Here is a python code but it is very clunky, and if gas price moves up by 20%, then I have to write my_priceX up to 20 times. Is there a more elegant solution?

my_price1 = last_gas_price["price"]*1.01 
my_price2 = last_gas_price["price"]*1.02 
my_price3 = last_gas_price["price"]*1.03 
my_price4 = last_gas_price["price"]*1.04  
my_price5 = last_gas_price["price"]*1.05 

if last_gas_price > my_price1:
    adj_price(price = my_price1)

if last_gas_price > my_price2:
    adj_price(price = my_price2)

if last_gas_price > my_price3:
    adj_price(price = my_price3)

if last_gas_price > my_price4:
    adj_price(price = my_price4)

if last_gas_price > my_price5:
    adj_price(price = my_price5)

CodePudding user response:

Use a loop over the multipliers:

for multiplier in (1.01, 1.02, 1.03, 1.04, 1.05):
    if last_gas_price > last_gas_price["price"]*multiplier:
        adj_price(price=last_gas_price["price"]*multiplier)

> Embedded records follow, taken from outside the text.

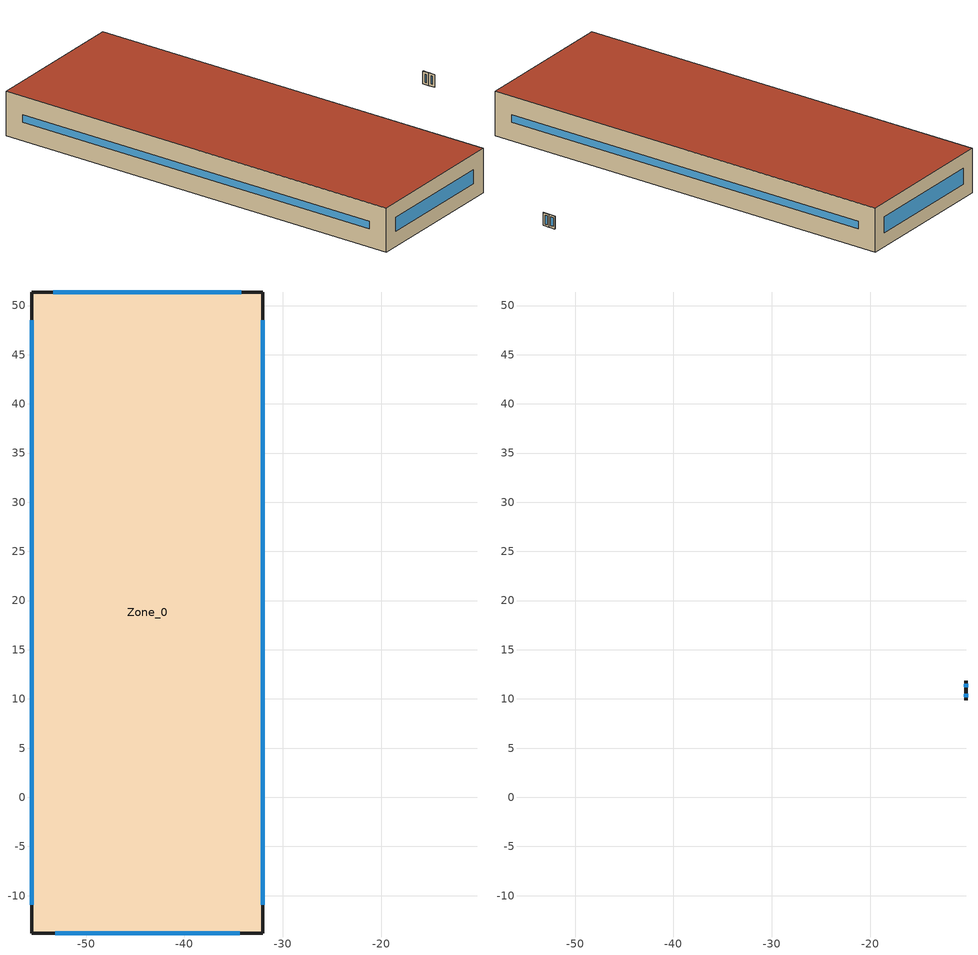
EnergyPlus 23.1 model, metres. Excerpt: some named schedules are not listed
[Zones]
Zone_0
 floor outside (90.1-2019 Nonresidential CZ 0 Exterior Floor (Mass)): -55.51,-13.8 -55.51,51.38 -32.03,51.38 -32.03,-13.8 z44.23
 wall outside (90.1-2019 Nonresidential CZ 0 Exterior Wall (Mass)): -55.51,-13.8 -32.03,-13.8 -32.03,51.38 -55.51,51.38 -55.51,-13.8 z44.23:51.12
 window (90.1-2019 Nonresidential CZ 0 Glazing (Operable)): -53.14,-13.8 -34.4,-13.8 z46.59:48.75; -32.03,-10.92 -32.03,48.5 / -55.51,48.5 -55.51,-10.92 z47.11:48.24; -34.21,51.38 -53.33,51.38 z46.4:48.94
 roof outside (90.1-2019 Nonresidential CZ 0 Exterior Roof (Mass)): -55.51,-13.8 -32.03,-13.8 -32.03,51.38 -55.51,51.38 z51.12
Zone_1
 wall outside (90.1-2019 Nonresidential CZ 0 Exterior Wall (Mass)): -10.25,9.87 -10.25,10.85 / -10.29,10.85 -10.29,9.87 z45.43:47.43
 window (90.1-2019 Nonresidential CZ 0 Glazing (Operable)): -10.25,10.18 -10.25,10.54 z45.74:47.12; -10.29,10.47 -10.29,10.24 z45.81:47.06
Zone_2
 wall outside (90.1-2019 Nonresidential CZ 0 Exterior Wall (Mass)): -10.25,10.88 -10.25,11.87 / -10.29,11.87 -10.29,10.88 z45.43:47.43
 window (90.1-2019 Nonresidential CZ 0 Glazing (Operable)): -10.25,11.2 -10.25,11.55 z45.74:47.12; -10.29,11.49 -10.29,11.26 z45.81:47.06
[Site:GroundTemperature:BuildingSurface]
18, 18, 18, 18, 18, 18, 18, 18, 18, 18, 18, 18
[Site:GroundReflectance]
0.2, 0.2, 0.2, 0.2, 0.2, 0.2, 0.2, 0.2, 0.2, 0.2, 0.2, 0.2
[Site:GroundReflectance:SnowModifier]
1, 1
[Site:WeatherStation]
Wind Sensor Height Above Ground {m}=10; Wind Speed Profile Exponent=0.22; Wind Speed Profile Boundary Layer Thickness {m}=370; Air Temperature Sensor Height Above Ground {m}=1.5
[SizingPeriod:WeatherFileConditionType] Use Weather File Daylight Saving Period=No; Use Weather File Rain and Snow Indicators=No
Name | Period Selection | Day Type
Extreme Summer Weather Period for Design | SummerExtreme | SummerDesignDay
Extreme Winter Weather Period for Design | WinterExtreme | WinterDesignDay
[Building]
Building: North Axis {deg}=0; Terrain=Suburbs; Loads Convergence Tolerance Value=0.04; Temperature Convergence Tolerance Value {deltaC}=0.25; Solar Distribution=FullExterior; Maximum Number of Warmup Days=30; Minimum Number of Warmup Days=7
[Construction]
90.1-2019 Nonresidential CZ 0 Exterior Wall (Mass): Stucco_0.025_90.1-2019 Nonresidential CZ 0 Exterior Wall (Mass), Concrete_0.203_90.1-2019 Nonresidential CZ 0 Exterior Wall (Mass), Mineral Wool_0.006340168156952033_90.1-2019 Nonresidential CZ 0 Exterior Wall (Mass), Plaster_0.013_90.1-2019 Nonresidential CZ 0 Exterior Wall (Mass)
90.1-2019 Nonresidential CZ 0 Exterior Floor (Mass): Stucco_0.025_90.1-2019 Nonresidential CZ 0 Exterior Floor (Mass), Mineral Wool_0.005244967487677573_90.1-2019 Nonresidential CZ 0 Exterior Floor (Mass), Concrete_0.102_90.1-2019 Nonresidential CZ 0 Exterior Floor (Mass), Carpet_0.02_90.1-2019 Nonresidential CZ 0 Exterior Floor (Mass)
90.1-2019 Nonresidential CZ 0 Exterior Roof (Mass): Vaporpermeable Felt_0.003_90.1-2019 Nonresidential CZ 0 Exterior Roof (Mass), XPS Board_0.14713995500631277_90.1-2019 Nonresidential CZ 0 Exterior Roof (Mass), Concrete_0.203_90.1-2019 Nonresidential CZ 0 Exterior Roof (Mass), Acoustic Tile_0.005_90.1-2019 Nonresidential CZ 0 Exterior Roof (Mass)
90.1-2019 Nonresidential CZ 0 Glazing (Operable): 90.1-2019 Nonresidential CZ 0 Glazing (Operable)Window
[Material]
Stucco_0.025_90.1-2019 Nonresidential CZ 0 Exterior Wall (Mass): Roughness=Smooth; @90.1-2019 Nonresidential CZ 0 Exterior Wall (Mass):Stucco-Thickness@ [m]=0.025; @90.1-2019 Nonresidential CZ 0 Exterior Wall (Mass):Stucco-Conductivity@ [W/m-K]=0.72; @90.1-2019 Nonresidential CZ 0 Exterior Wall (Mass):Stucco-Density@ [kg/m3]=1856; @90.1-2019 Nonresidential CZ 0 Exterior Wall (Mass):Stucco-SpecificHeat@ [J/kg-K]=840; @90.1-2019 Nonresidential CZ 0 Exterior Wall (Mass):Stucco-ThermalEmittance@=0.9; @90.1-2019 Nonresidential CZ 0 Exterior Wall (Mass):Stucco-SolarAbsorptance@=0.7; @90.1-2019 Nonresidential CZ 0 Exterior Wall (Mass):Stucco-VisibleAbsorptance@=0.7
Concrete_0.203_90.1-2019 Nonresidential CZ 0 Exterior Wall (Mass): Roughness=Rough; @90.1-2019 Nonresidential CZ 0 Exterior Wall (Mass):Concrete-Thickness@ [m]=0.203; @90.1-2019 Nonresidential CZ 0 Exterior Wall (Mass):Concrete-Conductivity@ [W/m-K]=2; @90.1-2019 Nonresidential CZ 0 Exterior Wall (Mass):Concrete-Density@ [kg/m3]=2400; @90.1-2019 Nonresidential CZ 0 Exterior Wall (Mass):Concrete-SpecificHeat@ [J/kg-K]=950; @90.1-2019 Nonresidential CZ 0 Exterior Wall (Mass):Concrete-ThermalEmittance@=0.9; @90.1-2019 Nonresidential CZ 0 Exterior Wall (Mass):Concrete-SolarAbsorptance@=0.7; @90.1-2019 Nonresidential CZ 0 Exterior Wall (Mass):Concrete-VisibleAbsorptance@=0.7
Mineral Wool_0.006340168156952033_90.1-2019 Nonresidential CZ 0 Exterior Wall (Mass): Roughness=Rough; @90.1-2019 Nonresidential CZ 0 Exterior Wall (Mass):Mineral Wool-Thickness@ [m]=0.00634017; @90.1-2019 Nonresidential CZ 0 Exterior Wall (Mass):Mineral Wool-Conductivity@ [W/m-K]=0.041; @90.1-2019 Nonresidential CZ 0 Exterior Wall (Mass):Mineral Wool-Density@ [kg/m3]=155; @90.1-2019 Nonresidential CZ 0 Exterior Wall (Mass):Mineral Wool-SpecificHeat@ [J/kg-K]=1130; @90.1-2019 Nonresidential CZ 0 Exterior Wall (Mass):Mineral Wool-ThermalEmittance@=0.9; @90.1-2019 Nonresidential CZ 0 Exterior Wall (Mass):Mineral Wool-SolarAbsorptance@=0.7; @90.1-2019 Nonresidential CZ 0 Exterior Wall (Mass):Mineral Wool-VisibleAbsorptance@=0.7
Plaster_0.013_90.1-2019 Nonresidential CZ 0 Exterior Wall (Mass): Roughness=Rough; @90.1-2019 Nonresidential CZ 0 Exterior Wall (Mass):Plaster-Thickness@ [m]=0.013; @90.1-2019 Nonresidential CZ 0 Exterior Wall (Mass):Plaster-Conductivity@ [W/m-K]=1; @90.1-2019 Nonresidential CZ 0 Exterior Wall (Mass):Plaster-Density@ [kg/m3]=2000; @90.1-2019 Nonresidential CZ 0 Exterior Wall (Mass):Plaster-SpecificHeat@ [J/kg-K]=1130; @90.1-2019 Nonresidential CZ 0 Exterior Wall (Mass):Plaster-ThermalEmittance@=0.9; @90.1-2019 Nonresidential CZ 0 Exterior Wall (Mass):Plaster-SolarAbsorptance@=0.7; @90.1-2019 Nonresidential CZ 0 Exterior Wall (Mass):Plaster-VisibleAbsorptance@=0.7
Stucco_0.025_90.1-2019 Nonresidential CZ 0 Exterior Floor (Mass): Roughness=Smooth; @90.1-2019 Nonresidential CZ 0 Exterior Floor (Mass):Stucco-Thickness@ [m]=0.025; @90.1-2019 Nonresidential CZ 0 Exterior Floor (Mass):Stucco-Conductivity@ [W/m-K]=0.72; @90.1-2019 Nonresidential CZ 0 Exterior Floor (Mass):Stucco-Density@ [kg/m3]=1856; @90.1-2019 Nonresidential CZ 0 Exterior Floor (Mass):Stucco-SpecificHeat@ [J/kg-K]=840; @90.1-2019 Nonresidential CZ 0 Exterior Floor (Mass):Stucco-ThermalEmittance@=0.9; @90.1-2019 Nonresidential CZ 0 Exterior Floor (Mass):Stucco-SolarAbsorptance@=0.7; @90.1-2019 Nonresidential CZ 0 Exterior Floor (Mass):Stucco-VisibleAbsorptance@=0.7
Mineral Wool_0.005244967487677573_90.1-2019 Nonresidential CZ 0 Exterior Floor (Mass): Roughness=Rough; @90.1-2019 Nonresidential CZ 0 Exterior Floor (Mass):Mineral Wool-Thickness@ [m]=0.00524497; @90.1-2019 Nonresidential CZ 0 Exterior Floor (Mass):Mineral Wool-Conductivity@ [W/m-K]=0.041; @90.1-2019 Nonresidential CZ 0 Exterior Floor (Mass):Mineral Wool-Density@ [kg/m3]=155; @90.1-2019 Nonresidential CZ 0 Exterior Floor (Mass):Mineral Wool-SpecificHeat@ [J/kg-K]=1130; @90.1-2019 Nonresidential CZ 0 Exterior Floor (Mass):Mineral Wool-ThermalEmittance@=0.9; @90.1-2019 Nonresidential CZ 0 Exterior Floor (Mass):Mineral Wool-SolarAbsorptance@=0.7; @90.1-2019 Nonresidential CZ 0 Exterior Floor (Mass):Mineral Wool-VisibleAbsorptance@=0.7
Concrete_0.102_90.1-2019 Nonresidential CZ 0 Exterior Floor (Mass): Roughness=Rough; @90.1-2019 Nonresidential CZ 0 Exterior Floor (Mass):Concrete-Thickness@ [m]=0.102; @90.1-2019 Nonresidential CZ 0 Exterior Floor (Mass):Concrete-Conductivity@ [W/m-K]=2; @90.1-2019 Nonresidential CZ 0 Exterior Floor (Mass):Concrete-Density@ [kg/m3]=2400; @90.1-2019 Nonresidential CZ 0 Exterior Floor (Mass):Concrete-SpecificHeat@ [J/kg-K]=950; @90.1-2019 Nonresidential CZ 0 Exterior Floor (Mass):Concrete-ThermalEmittance@=0.9; @90.1-2019 Nonresidential CZ 0 Exterior Floor (Mass):Concrete-SolarAbsorptance@=0.7; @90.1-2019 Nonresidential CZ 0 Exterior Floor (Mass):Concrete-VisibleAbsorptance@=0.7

With 3.8 's walrus operator you can avoid redoing the multiplication if you really care:

for multiplier in (1.01, 1.02, 1.03, 1.04, 1.05):
    if last_gas_price > (myprice := last_gas_price["price"]*multiplier):
        adj_price(price=myprice)

If you only need to run adj_price once, for the highest passing multiplier, run the loop in reverse and break when you get a hit:

for multiplier in (1.05, 1.04, 1.03, 1.02, 1.01):  # Reversed multipliers
    if last_gas_price > (myprice := last_gas_price["price"]*multiplier):
        adj_price(price=myprice)
        break  # Found highest passing multiplier and adjusted, now we're done

Note: The code you provided is clearly wrong (last_gas_price is a dict initially, then apparently a scalar, probably float, later). This new code replicates that mistake. You'd need to adjust the variable names used to separate the dict usage from the non-dict usage appropriately.

CodePudding user response:

OK, This situation as I see is pretty disordered, and as ifs are increazing per my_prize, use a for loop so you say as prize increases, set it as is it.